> **Exercise prompt**
Only one portion of the data is to be written out: from the line bearing "line L1 (-2.825, -10.2333)" through the line bearing "line L1 (-11.8995, -11.4414)". Write it exactly as it appears.

> **Information given**
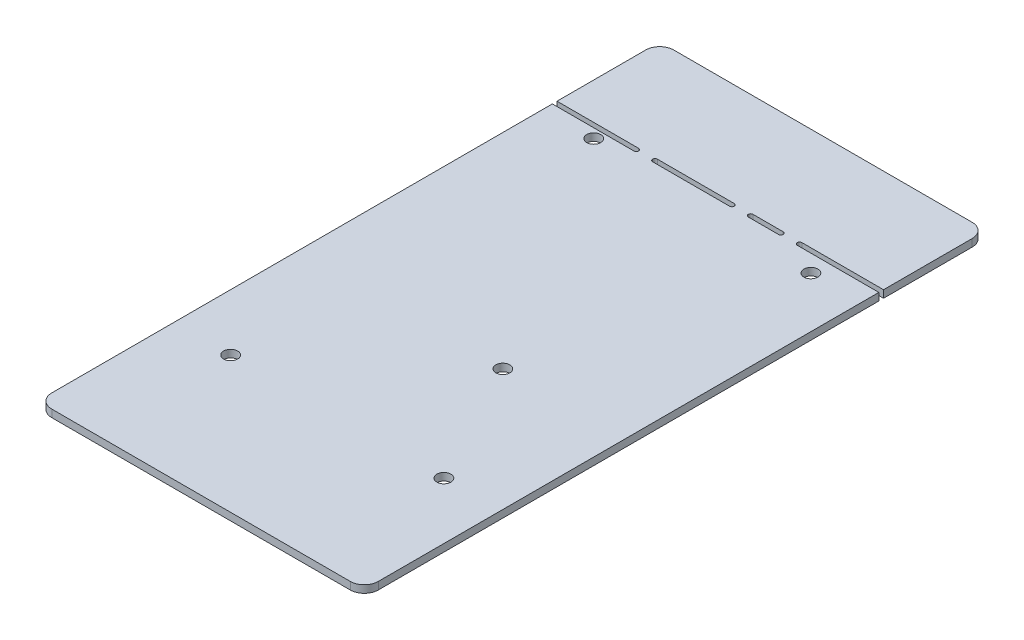
SolidWorks part; units mm, degrees
material "ｴﾎﾟｷｼ樹脂(充填剤なし)"
ref_plane "正面" through (0, 0, 0) normal (0, 0, 1) x (1, 0, 0)
ref_plane "平面" through (0, 0, 0) normal (0, 1, 0) x (1, 0, 0)
ref_plane "右側面" through (0, 0, 0) normal (1, 0, 0) x (0, 0, -1)
sketch "ｽｹｯﾁ1" plane through (0, 0, 0) normal (0, 1, 0) x (1, 0, 0)
  line L1 (-35, 66.67) -> (35, 66.67)
  line L2 (-35, 66.67) -> (-35, -66.67)
  line L3 (-35, -66.67) -> (35, -66.67)
  line L4 (35, 66.67) -> (35, -66.67)
  line L5 (-35, 66.67) -> (35, -66.67) construction
  line L6 (-35, -66.67) -> (35, 66.67) construction
  point P0 (0, 0)
  dimension "D1" = 133.34
  dimension "D2" = 70
extrude "ﾎﾞｽ - 押し出し1" add sketch "ｽｹｯﾁ1" along normal blind 1.6
sketch "ｽｹｯﾁ2" plane through (0, 1.6, 0) normal (0, 1, 0) x (1, 0, 0)
  line L0 (0, 0) -> (0, -66.67) construction
  line L1 (-35, -66.67) -> (35, -66.67) construction
  line L2 (0, -37.46) -> (-22.86, -37.46) construction
  line L3 (-35, 66.67) -> (-35, -66.67) construction
  line L4 (-35, 44.65) -> (-17, 44.65)
  line L5 (-35, 44.65) -> (-35, 43.65)
  line L6 (-35, 43.65) -> (-17, 43.65)
  line L7 (-17, 44.65) -> (-17, 43.65)
  line L8 (35, 66.67) -> (-35, 66.67) construction
  line L9 (17, 44.65) -> (17, 43.65)
  line L10 (35, 43.65) -> (17, 43.65)
  line L11 (35, 44.65) -> (35, 43.65)
  line L12 (35, 44.65) -> (17, 44.65)
  line L13 (-17, 44.65) -> (17, 44.65) construction
  line L14 (-17, 43.65) -> (17, 43.65) construction
  line L16 (-14, 44.65) -> (3.5, 44.65)
  line L17 (-14, 44.65) -> (-14, 43.65)
  line L18 (-14, 43.65) -> (3.5, 43.65)
  line L19 (3.5, 44.65) -> (3.5, 43.65)
  line L20 (6.5, 44.65) -> (14, 44.65)
  line L21 (6.5, 44.65) -> (6.5, 43.65)
  line L22 (6.5, 43.65) -> (14, 43.65)
  line L23 (14, 44.65) -> (14, 43.65)
  circle A0 centre (-22.86, -37.46) radius 1.5
  circle A1 centre (22.86, -37.46) radius 1.5
  circle A2 centre (-24.13, 41.65) radius 1.5
  circle A3 centre (24.13, 39.95) radius 1.5
  circle A4 centre (8.89, -10.85) radius 1.5
  dimension "D1" = 45.72
  dimension "D3" = 3
  dimension "D4" = 3.7
  dimension "D2" = 29.21
  dimension "D5" = 22.02
  dimension "D6" = 1
  dimension "D7" = 2
  dimension "D8" = 18
  dimension "D9" = 24.13
  dimension "D10" = 24.13
  dimension "D11" = 3
  dimension "D12" = 3
  dimension "D13" = 3
  dimension "D14" = 7.5
  dimension "D15" = 15.24
  dimension "D16" = 50.8
extrude "ｶｯﾄ - 押し出し1" cut sketch "ｽｹｯﾁ2" against normal through all
fillet "ﾌｨﾚｯﾄ1" radius 3 4 edges at (35, 0.8, 66.67) (-35, 0.8, 66.67) (35, 0.8, -66.67) (-35, 0.8, -66.67)
fillet "ﾌｨﾚｯﾄ2" radius 0.5 12 edges at (17, 0.8, -44.65) (17, 0.8, -43.65) (14, 0.8, -43.65) (14, 0.8, -44.65) (6.5, 0.8, -44.65) (6.5, 0.8, -43.65) (3.5, 0.8, -43.65) (3.5, 0.8, -44.65) (-17, 0.8, -44.65) (-17, 0.8, -43.65) (-14, 0.8, -43.65) (-14, 0.8, -44.65)
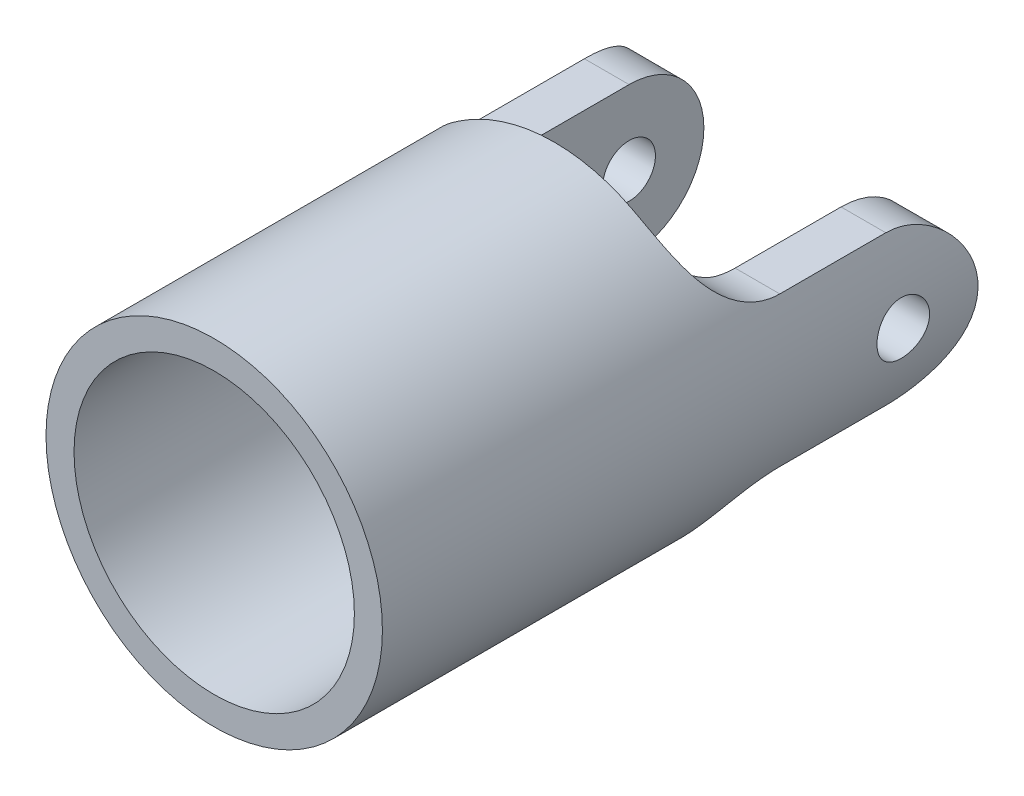
SolidWorks part; units mm, degrees
material "AISI 1020"
ref_plane "Front Plane" through (0, 0, 0) normal (0, 0, 1) x (1, 0, 0)
ref_plane "Top Plane" through (0, 0, 0) normal (0, 1, 0) x (1, 0, 0)
ref_plane "Right Plane" through (0, 0, 0) normal (1, 0, 0) x (0, 0, -1)
sketch "Sketch1" plane through (0, 0, 0) normal (1, 0, 0) x (0, 0, -1)
  line L0 (0, 0) -> (-34.925, 0) construction
  line L1 (-34.925, 9.525) -> (-34.925, 7.9375)
  line L2 (-34.925, 7.9375) -> (-15.925, 7.9375)
  line L3 (-15.925, 7.9375) -> (-15.925, 0)
  line L4 (-15.925, 0) -> (9.525, 0)
  line L5 (-34.925, 9.525) -> (9.525, 9.525)
  line L6 (9.525, 9.525) -> (9.525, 0)
  arc A0 (0, 9.525) -> (9.525, 0) centre (0, 0) cw construction
  dimension "D3" = 15.875
  dimension "D1" = 34.925
  dimension "D2" = 19
  dimension "D4" = 19.05
revolve "Revolve1" add sketch "Sketch1" angle 360 about L0
sketch "Sketch3" plane through (0, 0, 0) normal (1, 0, 0) x (0, 0, -1)
  line L0 (9.525, 9.525) -> (-34.925, 9.525) construction
  line L1 (9.525, 9.525) -> (-10.2333, 9.525)
  line L2 (-34.925, -9.525) -> (9.525, -9.525) construction
  line L3 (-10.2333, -9.525) -> (9.525, -9.525)
  line L4 (9.525, -9.525) -> (9.525, 9.525) construction
  line L5 (9.525, -9.525) -> (9.525, 9.525)
  line L6 (-10.2333, 8.4667) -> (-10.2333, 9.525)
  line L7 (-10.2333, -8.4667) -> (-10.2333, -9.525)
  line L8 (0, 4.2333) -> (-6, 4.2333)
  line L9 (0, -4.2333) -> (-6, -4.2333)
  arc A0 (0, -4.2333) -> (0, 4.2333) centre (0, 0) ccw
  arc A1 (-10.2333, 8.4667) -> (-6, 4.2333) centre (-6, 8.4667) ccw
  arc A2 (-10.2333, -8.4667) -> (-6, -4.2333) centre (-6, -8.4667) cw
  dimension "D1" = 4.2333
  dimension "D2" = 4.2333
  dimension "D3" = 6
extrude "Cut-Extrude1" cut sketch "Sketch3" against normal through all and the other way through all
sketch "Sketch4" plane through (0, 0, 0) normal (0, 1, 0) x (1, 0, 0)
  line L0 (-4.3636, -10.2333) -> (4.3636, -10.2333) construction
  line L1 (-2.825, -10.2333) -> (2.825, -10.2333)
  line L2 (0, 0) -> (0, -10.2333) construction
  line L4 (-6, -7.0583) -> (-6, 4.2333)
  line L5 (9.525, 4.2333) -> (-9.525, 4.2333) construction
  line L6 (6, 4.2333) -> (6, -7.0583)
  line L7 (6, 4.2333) -> (-6, 4.2333)
  arc A0 (-6, -7.0583) -> (-2.825, -10.2333) centre (-2.825, -7.0583) ccw
  arc A1 (6, -7.0583) -> (2.825, -10.2333) centre (2.825, -7.0583) cw
  point P14 (-6, -10.2333)
  point P17 (6, -10.2333)
  dimension "D2" = 3.175
  dimension "D1" = 12
extrude "Cut-Extrude2" cut sketch "Sketch4" against normal through all and the other way through all
sketch3d "3DSketch1"
  line L0 (0, 0, 0) -> (0, 0, 34.925)
  line L1 (0, 0, 34.925) -> (0, 0, 10.2333) construction
  line L2 (0, 0, 34.925) -> (0, 0, 15.925) construction
ref_axis "Axis1" through (39.0367, 0, 0) along (-1, 0, 0)
sketch "Sketch5" plane through (0, 0, 34.925) normal (0, 0, 1) x (1, 0, 0)
  line L1 (-11.8995, -11.4414) -> (11.8995, -11.4414)
  line L2 (-11.8995, -11.4414) -> (-11.8995, 11.4414)
  line L3 (-11.8995, 11.4414) -> (11.8995, 11.4414)
  line L4 (11.8995, -11.4414) -> (11.8995, 11.4414)
  line L5 (-11.8995, -11.4414) -> (11.8995, 11.4414) construction
  line L6 (-11.8995, 11.4414) -> (11.8995, -11.4414) construction
  point P0 (0, 0)
extrude "Cut-Extrude3" cut sketch "Sketch5" against normal blind 5.43
sketch "Sketch6" plane through (-6, 0, 0) normal (1, 0, 0) x (0, 0, -1)
  circle A0 centre (0, 0) radius 1.49
extrude "Cut-Extrude4" cut sketch "Sketch6" against normal blind 15.43 and the other way blind 25.43
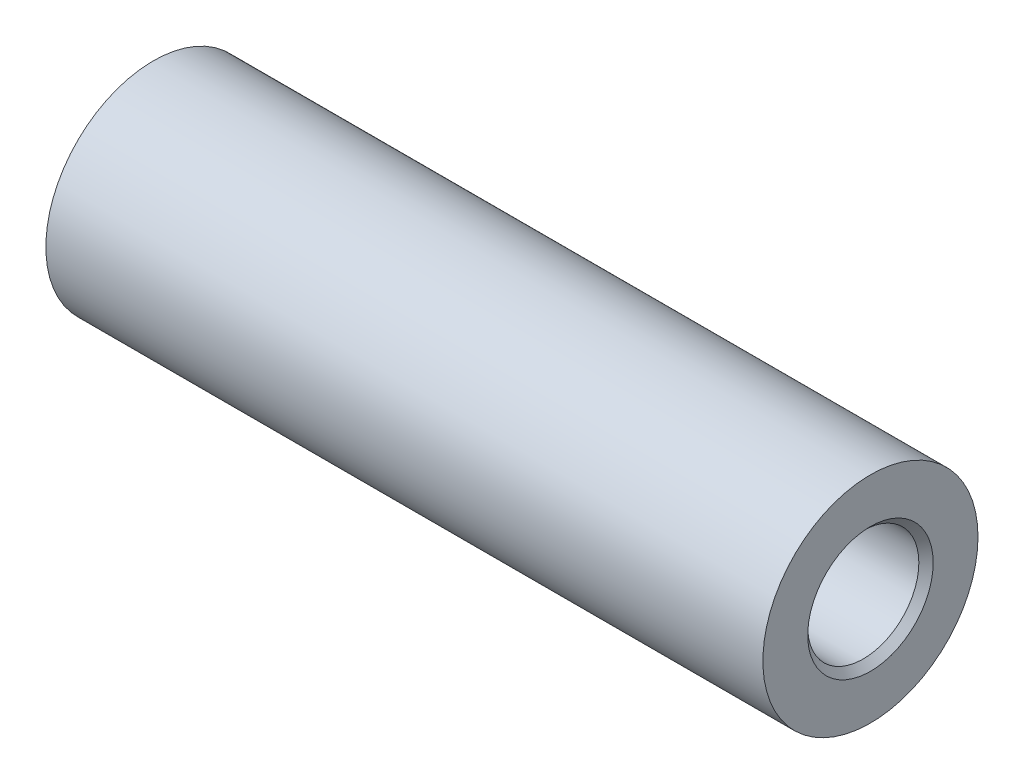
SolidWorks part; units mm, degrees
ref_plane "前视基准面" through (0, 0, 0) normal (0, 0, 1) x (1, 0, 0)
ref_plane "上视基准面" through (0, 0, 0) normal (0, 1, 0) x (1, 0, 0)
ref_plane "右视基准面" through (0, 0, 0) normal (1, 0, 0) x (0, 0, -1)
other "Configuration Table"
sketch "草图1" plane through (0, 0, 0) normal (1, 0, 0) x (0, 0, -1)
  circle A0 centre (0, 0) radius 6
  dimension "D1" = 12
extrude "凸台-拉伸1" add sketch "草图1" along normal blind 19 and the other way blind 21
sketch "草图3" plane through (19, 0, 0) normal (1, 0, 0) x (0, 0, -1)
  circle A0 centre (0, 0) radius 3.1
  dimension "D1" = 6.2
extrude "切除-拉伸1" cut sketch "草图3" against normal blind 17
sketch "草图4" plane through (-21, 0, 0) normal (-1, 0, 0) x (0, 0, 1)
  circle A0 centre (0, 0) radius 4.1
  dimension "D1" = 8.2
extrude "切除-拉伸2" cut sketch "草图4" against normal blind 21
sketch "草图5" plane through (2, 0, 0) normal (1, 0, 0) x (0, 0, -1)
  line L0 (-1.6882, 2.6) -> (1.6882, 2.6)
  circle A0 centre (0, 0) radius 3.1 construction
  arc A1 (1.6882, 2.6) -> (-1.6882, 2.6) centre (0, 0) ccw
  arc A2 (-1.6882, 2.6) -> (1.6882, 2.6) centre (0, 0) ccw construction
  dimension "D1" = 2.6
extrude "凸台-拉伸2" add sketch "草图5" along normal blind 12
sketch "草图6" plane through (0, 0, 0) normal (-1, 0, 0) x (0, 0, 1)
  line L0 (-1.7482, 3.7086) -> (2.1694, 3.4791)
  circle A0 centre (0, 0) radius 4.1 construction
  arc A1 (2.1694, 3.4791) -> (-1.7482, 3.7086) centre (0, 0) ccw
  arc A2 (-1.7482, 3.7086) -> (2.1694, 3.4791) centre (0, 0) ccw construction
  dimension "D1" = 3.6
extrude "凸台-拉伸3" add sketch "草图6" along normal blind 15
chamfer "倒角1" distance 0.4 angle 45 2 edges at (19, 0, -3.1) (-21, 0, 4.1)
chamfer "倒角2" distance 0.5 angle 45 2 edges at (-15, 3.5938, 0.2106) (14, 2.6, 0)

> **Completed exercise**
  line L1 (-2.825, -10.2333) -> (2.825, -10.2333)
  line L2 (0, 0) -> (0, -10.2333) construction
  line L4 (-6, -7.0583) -> (-6, 4.2333)
  line L5 (9.525, 4.2333) -> (-9.525, 4.2333) construction
  line L6 (6, 4.2333) -> (6, -7.0583)
  line L7 (6, 4.2333) -> (-6, 4.2333)
  arc A0 (-6, -7.0583) -> (-2.825, -10.2333) centre (-2.825, -7.0583) ccw
  arc A1 (6, -7.0583) -> (2.825, -10.2333) centre (2.825, -7.0583) cw
  point P14 (-6, -10.2333)
  point P17 (6, -10.2333)
  dimension "D2" = 3.175
  dimension "D1" = 12
extrude "Cut-Extrude2" cut sketch "Sketch4" against normal through all and the other way through all
sketch3d "3DSketch1"
  line L0 (0, 0, 0) -> (0, 0, 34.925)
  line L1 (0, 0, 34.925) -> (0, 0, 10.2333) construction
  line L2 (0, 0, 34.925) -> (0, 0, 15.925) construction
ref_axis "Axis1" through (39.0367, 0, 0) along (-1, 0, 0)
sketch "Sketch5" plane through (0, 0, 34.925) normal (0, 0, 1) x (1, 0, 0)
  line L1 (-11.8995, -11.4414) -> (11.8995, -11.4414)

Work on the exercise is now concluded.